■ What the exercise asks
Would you copy each line of the records that includes the word "hlsMath"?

■ Data extract

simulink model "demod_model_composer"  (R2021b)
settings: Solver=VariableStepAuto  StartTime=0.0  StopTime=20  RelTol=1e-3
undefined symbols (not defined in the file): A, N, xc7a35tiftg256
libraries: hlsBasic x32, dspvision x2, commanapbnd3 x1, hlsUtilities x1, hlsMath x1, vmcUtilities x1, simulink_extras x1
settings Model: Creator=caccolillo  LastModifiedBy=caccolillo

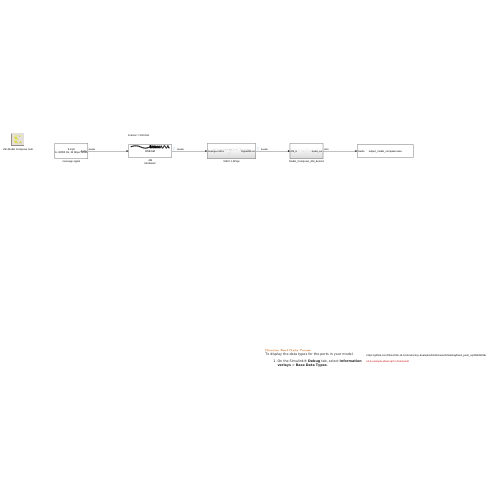
[thumbnail: Simulink's stored preview of the top-level diagram]
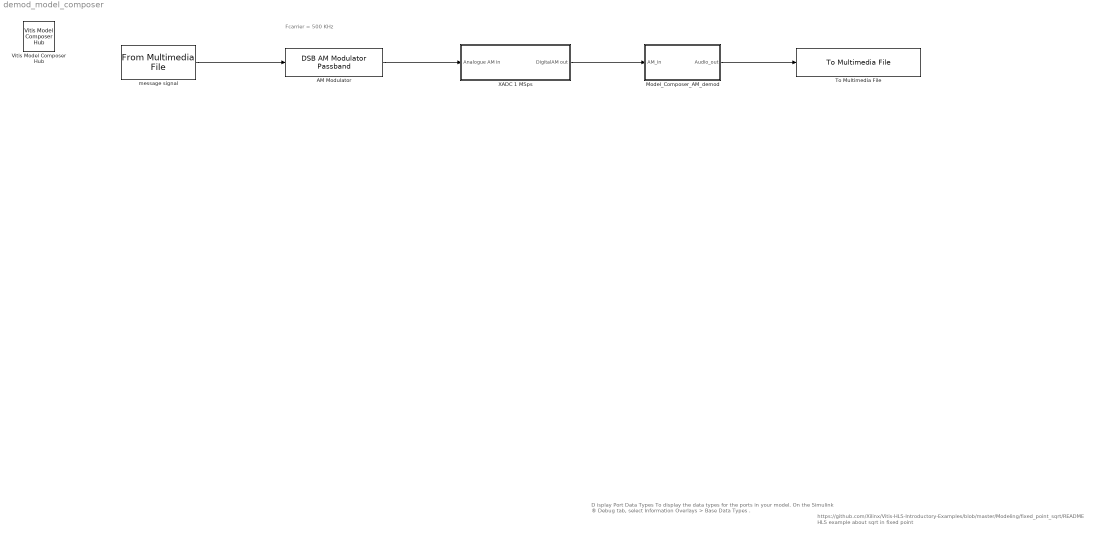
== system demod_model_composer ==
  note: https://github.com/Xilinx/Vitis-HLS-Introductory-Examples/blob/master/Modeling/fixed_point_sqrt/README
      |
      | HLS example about sqrt in fixed point
  note: D isplay Port Data Types
      | To display the data types for the ports in your model.
      | On the Simulink ® Debug tab, select Information Overlays > Base Data Types .
  note: Fcarrier = 500 KHz
  " AM Modulator " : commanapbnd3/DSB AM Modulator Passband  Fc=500000  Ph=0  Offset=1
      settings: SourceProductBaseCode=CM
  Model_Composer_AM_demod : Subsystem
  To Multimedia File : dspvision/To Multimedia File  outputFilename=output_model_composer.wav  streamSelection=Audio only  videoCompressor=None (uncompressed)  audioCompressor=None (uncompressed)  imagePorts=Separate color signals  fileType=WAV  audioDatatype=16-bit integer  fourcc=RGB  videoQuality=75  mj2000CompFactor=10
  Vitis Model Composer Hub : vmcUtilities/Vitis Model Composer Hub  Tag=genX  CodeGeneration=off  SubsystemName=Model_Composer_AM_demod  TargetDirectory=./code  ExportType=IP Catalog  IpVendor=xilinx.com  IpLibrary=hls  IpName=Model_Composer_AM_demod  IpVersion=1.0  IpHWLanguage=VHDL  AieCompilerOptions={}  CreateTestbench=off  TestbenchStackSize=10  RunAieSim=off  AieSimTimeout=50000  RunAieSimProfiling=off  LaunchVitisAnalyzer=off  PlotOutput=off  RunX86Sim=off  X86SimTimeout=10  GenHwImage=off  PlatformType=Not Specified  HwSystemType=Baremetal  HwValidationTarget=hw  ProjDevice=xc7a35tiftg256-1L  ProjDevicePart=xc7a35tiftg256-1L  SamplePeriod=-1  ClockFrequency=200  DataPathParallelism=1  xilinxfamily=artix7  part=xc7a35ti  speed=-1L  package=ftg256  directory=/home/caccolillo/Documents/model_composer_am_demod_v3/codegen  testbench=on  incr_netlist=off  synthesis_tool=Vivado  clock_wrapper=Clock Enables  dbl_ovrd=According to Block Masks  dcm_input_clock_period=10  sysclk_period=10  simulink_period=1/1e6  eval_field=0  IPInfoJsonString="{\"HLSSubsystem\":{\"SubsystemName\":\"Model_Composer_AM_demod\",\"IPName\":\"Model_Composer_AM_demod\",\"IPLibrary\":\"hls\",\"IPVendor\":\"xilinx.com\",\"IPVersion\":\"1.0\"}}"
  XADC 1 MSps : Subsystem
  message signal : dspvision/From Multimedia File  inputFilename=/home/caccolillo/Documents/model_composer_am_demod/audio/2.mp3  readRange=[1 Inf]  loop=on  numPlays=inf  outputStreams=Audio only  videoDataType=single  audioDataType=double  inheritSampleTime=on  userDefinedSampleTime=1/30  noAudioOutput=off  isIntensityVideo=off  fourcc=RGB  colorVideoFormat=Separate color signals  outputEOF=off  dataOrg=Column-major  audioFrameSize=1  computeAudioFrameSize=off  outSamplingMode=Frame based
  wires:
  " AM Modulator "/1 -> XADC 1 MSps/1(Analogue AM in)
  message signal/1 -> " AM Modulator "/1
  XADC 1 MSps/1(DigitalAM out) -> Model_Composer_AM_demod/1(AM_in)
  Model_Composer_AM_demod/1(Audio_out) -> To Multimedia File/1

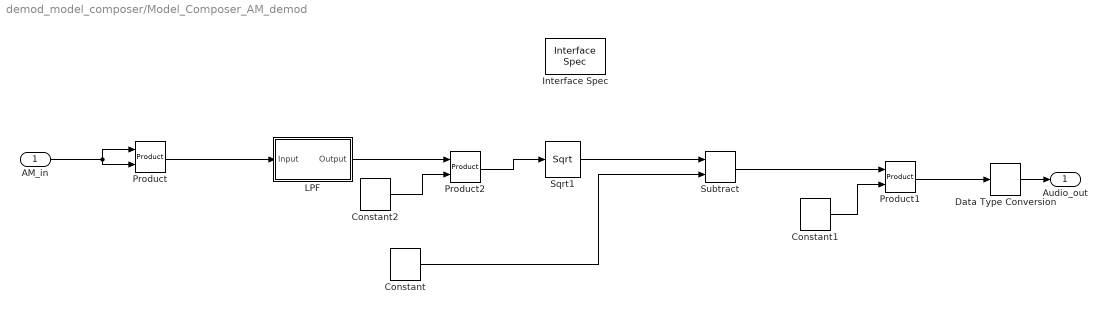
== system demod_model_composer/Model_Composer_AM_demod ==
  AM_in : Inport
  Constant : hlsBasic/Constant  Value=1365  SampleTime=-1  OutDataType=double  TypeExp=''  Signedness=Signed  WordLength=16  FractionalLength=0  RoundingMode=Truncation to minus infinity  OverflowMode=Wrap around
  Constant1 : hlsBasic/Constant  Value=2  SampleTime=-1  OutDataType=double  TypeExp=''  Signedness=Signed  WordLength=16  FractionalLength=0  RoundingMode=Truncation to minus infinity  OverflowMode=Wrap around
  Constant2 : hlsBasic/Constant  Value=2  SampleTime=-1  OutDataType=double  TypeExp=''  Signedness=Signed  WordLength=16  FractionalLength=0  RoundingMode=Truncation to minus infinity  OverflowMode=Wrap around
  Data Type Conversion : hlsBasic/Data Type Conversion  OutDataType=int16  TypeExp=''  Signedness=Signed  WordLength=16  FractionalLength=0  RoundingMode=Truncation to minus infinity  OverflowMode=Wrap around
  Interface Spec : hlsUtilities/Interface Spec  Return=AXI4-Lite Slave@@  InportInterfaces={'FIFO@@@N/A@N/A'}  InportHandles={3.730051269531250000e+02}  InportNames={'AM_in'}  OutportInterfaces={'FIFO@@@N/A@N/A'}  OutportHandles={4.820048828125000000e+02}  OutportNames={'Audio_out'}  Mode=AXI4-Lite Slave  InName1=AM_in  InMode1=FIFO  InVFormat1=N/A  InVComponent1=N/A  InMode2=Default  InVFormat2=N/A  InVComponent2=N/A  InMode3=Default  InVFormat3=N/A  InVComponent3=N/A  InMode4=Default  InVFormat4=N/A  InVComponent4=N/A  InMode5=Default  InVFormat5=N/A  InVComponent5=N/A  InMode6=Default  InVFormat6=N/A  InVComponent6=N/A  InMode7=Default  InVFormat7=N/A  InVComponent7=N/A  InMode8=Default  InVFormat8=N/A  InVComponent8=N/A  OutName1=Audio_out  OutMode1=FIFO  OutVFormat1=N/A  OutVComponent1=N/A  OutMode2=Default  OutVFormat2=N/A  OutVComponent2=N/A  OutMode3=Default  OutVFormat3=N/A  OutVComponent3=N/A  OutMode4=Default  OutVFormat4=N/A  OutVComponent4=N/A  OutMode5=Default  OutVFormat5=N/A  OutVComponent5=N/A  OutMode6=Default  OutVFormat6=N/A  OutVComponent6=N/A  OutMode7=Default  OutVFormat7=N/A  OutVComponent7=N/A  OutMode8=Default  OutVFormat8=N/A  OutVComponent8=N/A
  LPF : Subsystem  Tag=FilterWizardSubSystem
      settings: ErrorFcn=dspFilterRealizedInBasicElemsAlgLoopErrFcnCallback
  Product : hlsBasic/Product
  Product1 : hlsBasic/Product
  Product2 : hlsBasic/Product
  Sqrt1 : hlsMath/Sqrt
  Subtract : hlsBasic/Subtract
  Audio_out : Outport
  wires:
  Data Type Conversion/1 -> Audio_out/1
  Product1/1 -> Data Type Conversion/1
  Constant1/1 -> Product1/2
  Product2/1 -> Sqrt1/1
  Constant2/1 -> Product2/2
  Product/1 -> LPF/1(Input)
  AM_in/1 -> Product/2, Product/1
  LPF/1(Output) -> Product2/1
  Constant/1 -> Subtract/2
  Subtract/1 -> Product1/1
  Sqrt1/1 -> Subtract/1

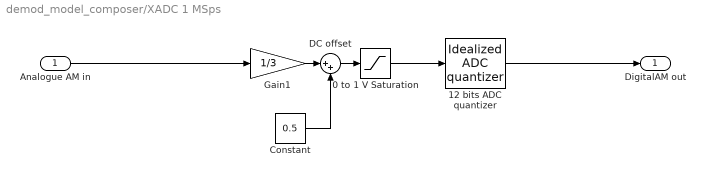
== system demod_model_composer/XADC 1 MSps ==
  Analogue AM in : Inport
  0 to 1 V Saturation : Saturate  UpperLimit=1  LowerLimit=0
  12 bits ADC quantizer : simulink_extras/Additional Discrete/Idealized ADC quantizer  NumberOfConverterBits=12  Vmin=0  Vmax=1  OutputDataType=double  OutputNegativeValues=on
  Constant : Constant  Value=0.5
  DC offset : Sum  Inputs=|++
  Gain1 : Gain  Gain=1/3
  DigitalAM out : Outport
  wires:
  DC offset/1 -> 0 to 1 V Saturation/1
  0 to 1 V Saturation/1 -> 12 bits ADC quantizer/1
  Constant/1 -> DC offset/2
  Gain1/1 -> DC offset/1
  12 bits ADC quantizer/1 -> DigitalAM out/1
  Analogue AM in/1 -> Gain1/1

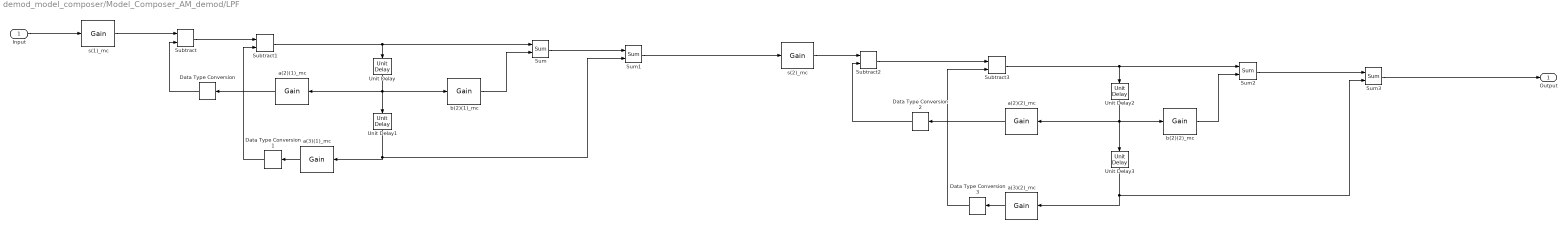
== system demod_model_composer/Model_Composer_AM_demod/LPF ==
  Input : Inport
  Data Type Conversion : hlsBasic/Data Type Conversion  OutDataType=fixed  TypeExp=''  Signedness=Signed  WordLength=67  FractionalLength=17  RoundingMode=Truncation to minus infinity  OverflowMode=Wrap around
  Data Type Conversion1 : hlsBasic/Data Type Conversion  OutDataType=fixed  TypeExp=''  Signedness=Signed  WordLength=68  FractionalLength=17  RoundingMode=Truncation to minus infinity  OverflowMode=Wrap around
  Data Type Conversion2 : hlsBasic/Data Type Conversion  OutDataType=fixed  TypeExp=''  Signedness=Signed  WordLength=157  FractionalLength=51  RoundingMode=Truncation to minus infinity  OverflowMode=Wrap around
  Data Type Conversion3 : hlsBasic/Data Type Conversion  OutDataType=fixed  TypeExp=''  Signedness=Signed  WordLength=158  FractionalLength=51  RoundingMode=Truncation to minus infinity  OverflowMode=Wrap around
  Subtract{,1..3} (4 alike) : hlsBasic/Subtract
  Sum{,1..3} (4 alike) : hlsBasic/Sum
  Unit Delay{,1..3} (4 alike) : hlsBasic/Unit Delay  InitialCondition=0
  a(2)(1)_mc : hlsBasic/Gain  Gain=-1.70096433194352592  OutDataType=fixed  TypeExp=''  Signedness=Signed  WordLength=69  FractionalLength=17  RoundingMode=Truncation to minus infinity  OverflowMode=Wrap around  OutputTypeAsInput=off
  a(2)(2)_mc : hlsBasic/Gain  Gain=-1.47967421693119339  OutDataType=fixed  TypeExp=''  Signedness=Signed  WordLength=43  FractionalLength=17  RoundingMode=Truncation to minus infinity  OverflowMode=Wrap around  OutputTypeAsInput=off
  a(3)(1)_mc : hlsBasic/Gain  Gain=0.788499739815297973  OutDataType=fixed  TypeExp=''  Signedness=Signed  WordLength=43  FractionalLength=17  RoundingMode=Truncation to minus infinity  OverflowMode=Wrap around  OutputTypeAsInput=off
  a(3)(2)_mc : hlsBasic/Gain  Gain=0.555821543282489006  OutDataType=fixed  TypeExp=''  Signedness=Signed  WordLength=43  FractionalLength=17  RoundingMode=Truncation to minus infinity  OverflowMode=Wrap around  OutputTypeAsInput=off
  b(2)(1)_mc : hlsBasic/Gain  Gain=2  OutDataType=fixed  TypeExp=''  Signedness=Signed  WordLength=43  FractionalLength=17  RoundingMode=Truncation to minus infinity  OverflowMode=Wrap around  OutputTypeAsInput=off
  b(2)(2)_mc : hlsBasic/Gain  Gain=2  OutDataType=fixed  TypeExp=''  Signedness=Signed  WordLength=43  FractionalLength=17  RoundingMode=Truncation to minus infinity  OverflowMode=Wrap around  OutputTypeAsInput=off
  s(1)_mc : hlsBasic/Gain  Gain=0.0218838519679430236  OutDataType=fixed  TypeExp=''  Signedness=Signed  WordLength=43  FractionalLength=17  RoundingMode=Truncation to minus infinity  OverflowMode=Wrap around  OutputTypeAsInput=off
  s(2)_mc : hlsBasic/Gain  Gain=0.0190368315878238735  OutDataType=fixed  TypeExp=''  Signedness=Signed  WordLength=43  FractionalLength=17  RoundingMode=Truncation to minus infinity  OverflowMode=Wrap around  OutputTypeAsInput=off
  Output : Outport
  wires:
  Input/1 -> s(1)_mc/1
  s(1)_mc/1 -> Subtract/1
  Subtract/1 -> Subtract1/1
  Subtract1/1 -> Sum/1, Unit Delay/1
  Unit Delay/1 -> b(2)(1)_mc/1, a(2)(1)_mc/1, Unit Delay1/1
  a(2)(1)_mc/1 -> Data Type Conversion/1
  Unit Delay1/1 -> Sum1/2, a(3)(1)_mc/1
  a(3)(1)_mc/1 -> Data Type Conversion1/1
  b(2)(1)_mc/1 -> Sum/2
  Sum/1 -> Sum1/1
  Sum1/1 -> s(2)_mc/1
  Subtract2/1 -> Subtract3/1
  s(2)_mc/1 -> Subtract2/1
  Subtract3/1 -> Sum2/1, Unit Delay2/1
  Unit Delay2/1 -> b(2)(2)_mc/1, Unit Delay3/1, a(2)(2)_mc/1
  Sum2/1 -> Sum3/1
  Sum3/1 -> Output/1
  a(2)(2)_mc/1 -> Data Type Conversion2/1
  a(3)(2)_mc/1 -> Data Type Conversion3/1
  b(2)(2)_mc/1 -> Sum2/2
  Unit Delay3/1 -> Sum3/2, a(3)(2)_mc/1
  Data Type Conversion/1 -> Subtract/2
  Data Type Conversion1/1 -> Subtract1/2
  Data Type Conversion2/1 -> Subtract2/2
  Data Type Conversion3/1 -> Subtract3/2

■ Exercise output
libraries: hlsBasic x32, dspvision x2, commanapbnd3 x1, hlsUtilities x1, hlsMath x1, vmcUtilities x1, simulink_extras x1
  Sqrt1 : hlsMath/Sqrt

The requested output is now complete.